## Exercise details
Restate, exactly and without pictures, the lines from the start of the listing below through the line holding "#8=PRODUCT_DEFINITION('design','',#6,#7);".

++++++++

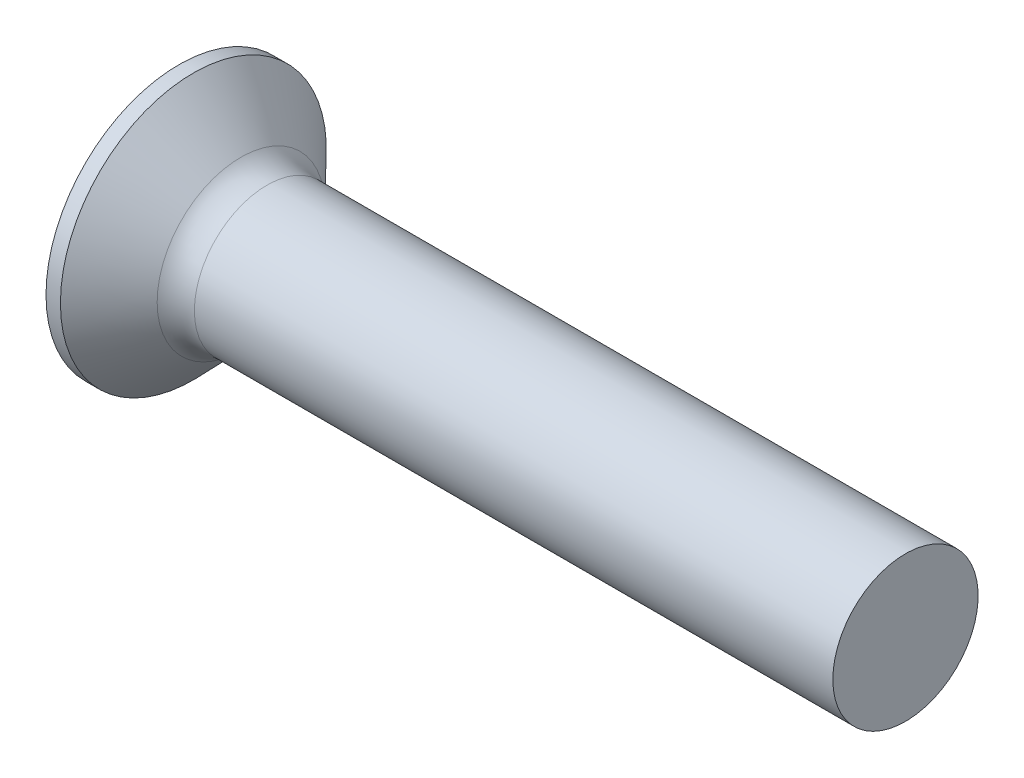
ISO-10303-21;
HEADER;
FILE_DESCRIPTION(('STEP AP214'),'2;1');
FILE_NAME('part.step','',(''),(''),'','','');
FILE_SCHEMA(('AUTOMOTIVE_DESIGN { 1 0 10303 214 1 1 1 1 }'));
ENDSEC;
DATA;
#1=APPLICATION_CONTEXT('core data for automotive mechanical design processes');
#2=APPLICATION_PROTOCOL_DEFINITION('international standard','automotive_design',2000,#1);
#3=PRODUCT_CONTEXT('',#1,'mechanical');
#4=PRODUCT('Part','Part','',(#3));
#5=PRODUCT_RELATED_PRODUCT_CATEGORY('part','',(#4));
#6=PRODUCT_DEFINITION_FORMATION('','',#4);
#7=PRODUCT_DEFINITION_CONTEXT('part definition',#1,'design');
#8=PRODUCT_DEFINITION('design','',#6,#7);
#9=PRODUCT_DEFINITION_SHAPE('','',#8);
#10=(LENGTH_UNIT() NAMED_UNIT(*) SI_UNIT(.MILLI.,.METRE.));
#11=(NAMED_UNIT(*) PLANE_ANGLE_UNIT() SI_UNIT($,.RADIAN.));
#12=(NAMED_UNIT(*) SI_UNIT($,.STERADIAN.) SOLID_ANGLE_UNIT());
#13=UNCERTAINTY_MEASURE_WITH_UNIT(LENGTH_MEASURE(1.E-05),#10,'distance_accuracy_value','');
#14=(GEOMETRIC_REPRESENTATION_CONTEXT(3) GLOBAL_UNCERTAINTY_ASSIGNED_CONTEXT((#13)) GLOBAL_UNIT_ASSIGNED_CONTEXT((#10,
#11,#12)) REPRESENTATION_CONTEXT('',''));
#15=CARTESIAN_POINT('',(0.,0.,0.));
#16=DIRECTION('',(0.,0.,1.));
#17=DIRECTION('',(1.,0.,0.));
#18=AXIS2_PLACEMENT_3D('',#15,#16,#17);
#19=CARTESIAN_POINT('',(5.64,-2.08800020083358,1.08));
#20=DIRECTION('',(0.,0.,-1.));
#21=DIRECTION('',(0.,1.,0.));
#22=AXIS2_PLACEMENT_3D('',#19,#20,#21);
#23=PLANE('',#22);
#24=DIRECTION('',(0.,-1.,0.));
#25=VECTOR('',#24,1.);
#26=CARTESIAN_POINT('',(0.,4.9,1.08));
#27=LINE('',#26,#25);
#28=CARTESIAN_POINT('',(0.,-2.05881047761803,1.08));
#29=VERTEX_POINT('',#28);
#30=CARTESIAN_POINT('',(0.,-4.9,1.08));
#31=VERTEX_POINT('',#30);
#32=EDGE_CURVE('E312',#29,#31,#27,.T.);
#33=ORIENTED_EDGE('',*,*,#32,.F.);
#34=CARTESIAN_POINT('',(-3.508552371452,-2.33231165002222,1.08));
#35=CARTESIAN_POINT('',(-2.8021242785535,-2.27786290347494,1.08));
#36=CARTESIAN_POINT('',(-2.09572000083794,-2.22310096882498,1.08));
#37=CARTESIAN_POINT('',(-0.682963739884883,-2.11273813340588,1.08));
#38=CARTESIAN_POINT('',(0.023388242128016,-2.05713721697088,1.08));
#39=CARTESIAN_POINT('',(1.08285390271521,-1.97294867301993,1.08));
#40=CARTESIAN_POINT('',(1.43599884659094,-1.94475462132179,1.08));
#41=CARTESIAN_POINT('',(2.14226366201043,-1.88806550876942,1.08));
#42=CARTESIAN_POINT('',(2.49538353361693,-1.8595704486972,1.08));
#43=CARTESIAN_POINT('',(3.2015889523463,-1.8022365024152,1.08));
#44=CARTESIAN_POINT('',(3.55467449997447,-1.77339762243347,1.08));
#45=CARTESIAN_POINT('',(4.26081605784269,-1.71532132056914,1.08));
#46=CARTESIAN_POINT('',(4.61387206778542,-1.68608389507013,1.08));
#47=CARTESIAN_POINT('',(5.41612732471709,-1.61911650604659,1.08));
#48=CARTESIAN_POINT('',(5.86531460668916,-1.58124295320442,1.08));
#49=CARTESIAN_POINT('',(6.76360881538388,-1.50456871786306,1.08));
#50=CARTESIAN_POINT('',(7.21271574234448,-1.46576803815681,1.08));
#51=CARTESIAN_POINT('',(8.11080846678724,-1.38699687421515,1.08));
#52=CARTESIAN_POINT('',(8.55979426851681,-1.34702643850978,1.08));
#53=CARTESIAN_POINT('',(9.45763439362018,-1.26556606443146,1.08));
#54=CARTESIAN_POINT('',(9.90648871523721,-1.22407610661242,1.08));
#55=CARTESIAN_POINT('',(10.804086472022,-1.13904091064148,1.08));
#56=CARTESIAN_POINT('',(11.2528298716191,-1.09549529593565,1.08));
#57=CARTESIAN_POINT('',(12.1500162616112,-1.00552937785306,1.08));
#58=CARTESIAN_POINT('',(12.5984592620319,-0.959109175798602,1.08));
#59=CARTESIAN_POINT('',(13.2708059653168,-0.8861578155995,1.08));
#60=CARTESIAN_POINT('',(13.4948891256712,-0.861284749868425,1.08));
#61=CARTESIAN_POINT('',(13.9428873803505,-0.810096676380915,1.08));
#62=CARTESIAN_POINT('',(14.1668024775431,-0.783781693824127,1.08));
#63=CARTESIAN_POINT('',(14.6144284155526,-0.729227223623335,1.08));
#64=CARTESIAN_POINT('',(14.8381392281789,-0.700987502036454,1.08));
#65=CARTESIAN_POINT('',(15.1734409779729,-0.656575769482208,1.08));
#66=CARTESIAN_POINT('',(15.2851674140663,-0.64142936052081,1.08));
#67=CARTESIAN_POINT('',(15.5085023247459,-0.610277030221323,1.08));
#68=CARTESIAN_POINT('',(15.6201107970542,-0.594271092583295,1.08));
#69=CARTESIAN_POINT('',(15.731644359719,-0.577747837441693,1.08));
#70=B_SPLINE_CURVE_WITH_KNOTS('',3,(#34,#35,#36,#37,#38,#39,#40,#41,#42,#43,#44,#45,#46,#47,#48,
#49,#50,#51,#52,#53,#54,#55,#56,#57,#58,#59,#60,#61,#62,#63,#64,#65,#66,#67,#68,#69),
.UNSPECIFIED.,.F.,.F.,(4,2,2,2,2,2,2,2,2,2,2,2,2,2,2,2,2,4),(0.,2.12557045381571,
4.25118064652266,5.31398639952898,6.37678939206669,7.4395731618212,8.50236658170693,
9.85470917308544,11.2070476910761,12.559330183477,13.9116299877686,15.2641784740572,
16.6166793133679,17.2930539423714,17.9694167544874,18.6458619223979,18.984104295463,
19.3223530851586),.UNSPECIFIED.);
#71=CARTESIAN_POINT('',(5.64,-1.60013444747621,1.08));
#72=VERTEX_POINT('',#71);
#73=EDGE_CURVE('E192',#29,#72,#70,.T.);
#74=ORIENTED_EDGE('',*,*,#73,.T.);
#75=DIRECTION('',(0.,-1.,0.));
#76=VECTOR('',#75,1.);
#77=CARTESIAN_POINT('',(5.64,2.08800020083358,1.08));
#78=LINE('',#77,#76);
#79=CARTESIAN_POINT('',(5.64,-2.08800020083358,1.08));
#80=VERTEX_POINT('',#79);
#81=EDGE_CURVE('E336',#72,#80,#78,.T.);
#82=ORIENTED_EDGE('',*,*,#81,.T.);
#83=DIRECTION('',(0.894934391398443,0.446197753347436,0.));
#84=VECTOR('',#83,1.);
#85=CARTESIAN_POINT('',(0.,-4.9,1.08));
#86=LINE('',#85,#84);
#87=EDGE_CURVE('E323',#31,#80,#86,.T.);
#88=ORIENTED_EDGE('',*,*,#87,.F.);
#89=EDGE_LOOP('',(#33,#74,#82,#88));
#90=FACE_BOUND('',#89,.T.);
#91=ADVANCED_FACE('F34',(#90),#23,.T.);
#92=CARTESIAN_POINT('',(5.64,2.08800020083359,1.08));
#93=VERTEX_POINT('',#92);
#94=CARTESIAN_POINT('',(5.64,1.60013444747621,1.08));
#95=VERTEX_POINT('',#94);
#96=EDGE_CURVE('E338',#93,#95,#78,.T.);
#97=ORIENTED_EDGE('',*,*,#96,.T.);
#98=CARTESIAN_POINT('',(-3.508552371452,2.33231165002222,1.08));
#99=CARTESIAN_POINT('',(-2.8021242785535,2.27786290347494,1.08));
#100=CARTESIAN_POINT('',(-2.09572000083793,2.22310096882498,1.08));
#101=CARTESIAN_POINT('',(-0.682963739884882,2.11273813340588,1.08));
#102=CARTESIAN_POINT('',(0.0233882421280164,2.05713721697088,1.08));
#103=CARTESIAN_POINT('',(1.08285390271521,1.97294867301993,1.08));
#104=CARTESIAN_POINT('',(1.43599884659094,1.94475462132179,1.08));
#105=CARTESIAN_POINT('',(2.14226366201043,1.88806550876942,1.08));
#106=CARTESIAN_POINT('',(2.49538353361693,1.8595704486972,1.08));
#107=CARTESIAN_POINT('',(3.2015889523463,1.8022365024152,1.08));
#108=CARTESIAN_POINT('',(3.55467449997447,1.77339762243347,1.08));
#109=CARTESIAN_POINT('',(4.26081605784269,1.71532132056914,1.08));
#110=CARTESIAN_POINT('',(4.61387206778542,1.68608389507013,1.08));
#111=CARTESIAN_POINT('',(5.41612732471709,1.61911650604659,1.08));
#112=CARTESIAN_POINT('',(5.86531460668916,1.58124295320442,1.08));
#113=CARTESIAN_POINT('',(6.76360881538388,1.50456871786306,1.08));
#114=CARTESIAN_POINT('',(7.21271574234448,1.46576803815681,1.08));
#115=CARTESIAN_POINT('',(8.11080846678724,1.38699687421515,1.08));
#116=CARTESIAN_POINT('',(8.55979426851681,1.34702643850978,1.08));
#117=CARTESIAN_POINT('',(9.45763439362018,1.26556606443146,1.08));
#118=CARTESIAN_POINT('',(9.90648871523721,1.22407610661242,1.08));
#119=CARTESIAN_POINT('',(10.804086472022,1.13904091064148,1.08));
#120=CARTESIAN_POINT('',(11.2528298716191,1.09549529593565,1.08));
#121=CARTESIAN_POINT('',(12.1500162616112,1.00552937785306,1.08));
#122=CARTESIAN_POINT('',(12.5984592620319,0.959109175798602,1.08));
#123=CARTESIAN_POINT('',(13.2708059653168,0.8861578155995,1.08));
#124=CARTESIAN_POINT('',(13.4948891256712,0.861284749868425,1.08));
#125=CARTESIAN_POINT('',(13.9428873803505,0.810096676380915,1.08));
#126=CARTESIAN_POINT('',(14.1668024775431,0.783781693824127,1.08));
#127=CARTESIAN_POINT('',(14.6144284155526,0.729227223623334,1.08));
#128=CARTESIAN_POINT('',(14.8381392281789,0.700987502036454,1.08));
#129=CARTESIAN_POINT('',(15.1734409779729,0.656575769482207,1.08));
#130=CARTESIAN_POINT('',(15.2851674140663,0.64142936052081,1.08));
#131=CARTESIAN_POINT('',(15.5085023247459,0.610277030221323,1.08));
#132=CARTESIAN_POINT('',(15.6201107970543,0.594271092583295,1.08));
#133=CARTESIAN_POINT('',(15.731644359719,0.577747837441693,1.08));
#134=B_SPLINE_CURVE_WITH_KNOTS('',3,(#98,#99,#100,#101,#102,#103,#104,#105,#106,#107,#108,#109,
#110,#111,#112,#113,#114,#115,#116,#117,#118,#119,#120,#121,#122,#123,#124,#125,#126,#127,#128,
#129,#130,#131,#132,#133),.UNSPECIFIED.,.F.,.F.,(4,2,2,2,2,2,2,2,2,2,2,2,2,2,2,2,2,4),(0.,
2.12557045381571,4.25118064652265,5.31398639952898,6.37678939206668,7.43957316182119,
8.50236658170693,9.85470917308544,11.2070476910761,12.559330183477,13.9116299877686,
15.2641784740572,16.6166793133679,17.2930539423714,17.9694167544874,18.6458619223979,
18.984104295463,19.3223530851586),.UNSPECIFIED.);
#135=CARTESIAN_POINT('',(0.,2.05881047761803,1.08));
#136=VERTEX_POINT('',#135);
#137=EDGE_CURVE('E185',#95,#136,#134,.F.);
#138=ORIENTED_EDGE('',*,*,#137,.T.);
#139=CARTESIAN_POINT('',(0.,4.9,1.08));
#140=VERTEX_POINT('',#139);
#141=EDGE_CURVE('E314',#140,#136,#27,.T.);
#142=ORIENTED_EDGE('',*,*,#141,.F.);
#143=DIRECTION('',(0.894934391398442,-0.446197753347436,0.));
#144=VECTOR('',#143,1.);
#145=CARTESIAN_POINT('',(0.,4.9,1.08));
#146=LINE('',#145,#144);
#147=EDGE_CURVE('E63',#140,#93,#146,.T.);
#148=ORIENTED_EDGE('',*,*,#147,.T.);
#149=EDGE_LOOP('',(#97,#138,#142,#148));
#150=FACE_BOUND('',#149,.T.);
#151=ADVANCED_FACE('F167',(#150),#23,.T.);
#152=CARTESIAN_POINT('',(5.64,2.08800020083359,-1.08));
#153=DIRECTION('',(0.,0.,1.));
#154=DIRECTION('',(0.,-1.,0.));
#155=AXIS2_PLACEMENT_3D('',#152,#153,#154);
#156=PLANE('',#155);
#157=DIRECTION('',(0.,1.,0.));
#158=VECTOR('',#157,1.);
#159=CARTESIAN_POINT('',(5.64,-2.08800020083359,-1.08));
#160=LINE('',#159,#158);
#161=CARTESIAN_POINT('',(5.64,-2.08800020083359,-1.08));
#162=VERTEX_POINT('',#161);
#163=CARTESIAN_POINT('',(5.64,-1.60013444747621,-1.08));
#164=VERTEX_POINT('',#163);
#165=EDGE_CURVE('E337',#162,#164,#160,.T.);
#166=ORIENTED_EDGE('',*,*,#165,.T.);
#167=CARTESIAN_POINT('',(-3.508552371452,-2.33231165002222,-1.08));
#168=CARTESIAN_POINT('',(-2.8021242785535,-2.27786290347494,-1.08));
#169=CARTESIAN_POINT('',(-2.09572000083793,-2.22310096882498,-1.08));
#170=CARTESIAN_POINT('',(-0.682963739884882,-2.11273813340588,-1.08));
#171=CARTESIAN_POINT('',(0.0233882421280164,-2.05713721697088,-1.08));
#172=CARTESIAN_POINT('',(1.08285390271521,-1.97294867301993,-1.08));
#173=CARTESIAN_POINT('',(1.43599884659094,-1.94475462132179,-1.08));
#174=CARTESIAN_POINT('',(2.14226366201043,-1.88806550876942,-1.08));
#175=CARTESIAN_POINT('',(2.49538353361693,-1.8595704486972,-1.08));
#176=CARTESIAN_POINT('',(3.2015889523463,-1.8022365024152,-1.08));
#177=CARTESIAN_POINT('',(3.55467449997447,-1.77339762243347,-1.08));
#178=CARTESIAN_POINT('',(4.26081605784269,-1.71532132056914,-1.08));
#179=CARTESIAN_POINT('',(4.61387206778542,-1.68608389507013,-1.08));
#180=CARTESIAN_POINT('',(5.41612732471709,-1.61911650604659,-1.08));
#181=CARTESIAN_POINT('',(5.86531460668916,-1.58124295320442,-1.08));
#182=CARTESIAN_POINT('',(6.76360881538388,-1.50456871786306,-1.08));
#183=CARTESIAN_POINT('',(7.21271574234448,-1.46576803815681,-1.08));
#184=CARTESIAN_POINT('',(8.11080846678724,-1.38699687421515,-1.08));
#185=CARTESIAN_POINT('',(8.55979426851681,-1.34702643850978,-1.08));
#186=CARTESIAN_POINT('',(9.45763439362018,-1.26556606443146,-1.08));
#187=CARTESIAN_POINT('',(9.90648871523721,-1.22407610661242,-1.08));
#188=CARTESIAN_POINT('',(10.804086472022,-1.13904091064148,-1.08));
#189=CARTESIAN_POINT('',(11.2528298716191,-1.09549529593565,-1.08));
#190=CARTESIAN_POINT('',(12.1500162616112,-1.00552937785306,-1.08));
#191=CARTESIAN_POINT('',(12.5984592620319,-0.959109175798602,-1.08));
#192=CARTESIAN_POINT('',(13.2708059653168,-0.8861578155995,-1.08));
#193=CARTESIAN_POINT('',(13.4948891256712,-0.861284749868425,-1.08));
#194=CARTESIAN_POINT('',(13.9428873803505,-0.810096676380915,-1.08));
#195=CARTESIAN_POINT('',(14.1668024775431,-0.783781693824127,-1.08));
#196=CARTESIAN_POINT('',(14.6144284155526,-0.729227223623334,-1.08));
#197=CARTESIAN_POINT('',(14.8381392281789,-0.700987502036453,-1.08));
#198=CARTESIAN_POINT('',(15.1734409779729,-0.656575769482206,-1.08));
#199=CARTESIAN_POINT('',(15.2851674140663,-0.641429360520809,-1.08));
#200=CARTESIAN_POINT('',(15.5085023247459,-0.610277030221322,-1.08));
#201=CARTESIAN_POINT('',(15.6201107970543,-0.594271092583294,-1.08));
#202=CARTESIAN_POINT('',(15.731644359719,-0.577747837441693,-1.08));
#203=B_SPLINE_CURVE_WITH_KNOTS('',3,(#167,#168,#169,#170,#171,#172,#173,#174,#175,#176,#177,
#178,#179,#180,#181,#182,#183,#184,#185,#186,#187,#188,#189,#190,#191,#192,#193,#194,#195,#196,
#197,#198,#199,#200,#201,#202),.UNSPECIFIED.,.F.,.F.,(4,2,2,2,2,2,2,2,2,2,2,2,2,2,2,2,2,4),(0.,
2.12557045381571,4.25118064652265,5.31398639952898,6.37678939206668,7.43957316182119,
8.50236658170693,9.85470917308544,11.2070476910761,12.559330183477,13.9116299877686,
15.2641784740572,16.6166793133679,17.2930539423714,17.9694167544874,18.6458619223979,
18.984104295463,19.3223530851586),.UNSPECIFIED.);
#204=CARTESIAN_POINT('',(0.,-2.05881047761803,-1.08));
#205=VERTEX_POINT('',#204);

++++++++

## Solution
ISO-10303-21;
HEADER;
FILE_DESCRIPTION(('STEP AP214'),'2;1');
FILE_NAME('part.step','',(''),(''),'','','');
FILE_SCHEMA(('AUTOMOTIVE_DESIGN { 1 0 10303 214 1 1 1 1 }'));
ENDSEC;
DATA;
#1=APPLICATION_CONTEXT('core data for automotive mechanical design processes');
#2=APPLICATION_PROTOCOL_DEFINITION('international standard','automotive_design',2000,#1);
#3=PRODUCT_CONTEXT('',#1,'mechanical');
#4=PRODUCT('Part','Part','',(#3));
#5=PRODUCT_RELATED_PRODUCT_CATEGORY('part','',(#4));
#6=PRODUCT_DEFINITION_FORMATION('','',#4);
#7=PRODUCT_DEFINITION_CONTEXT('part definition',#1,'design');
#8=PRODUCT_DEFINITION('design','',#6,#7);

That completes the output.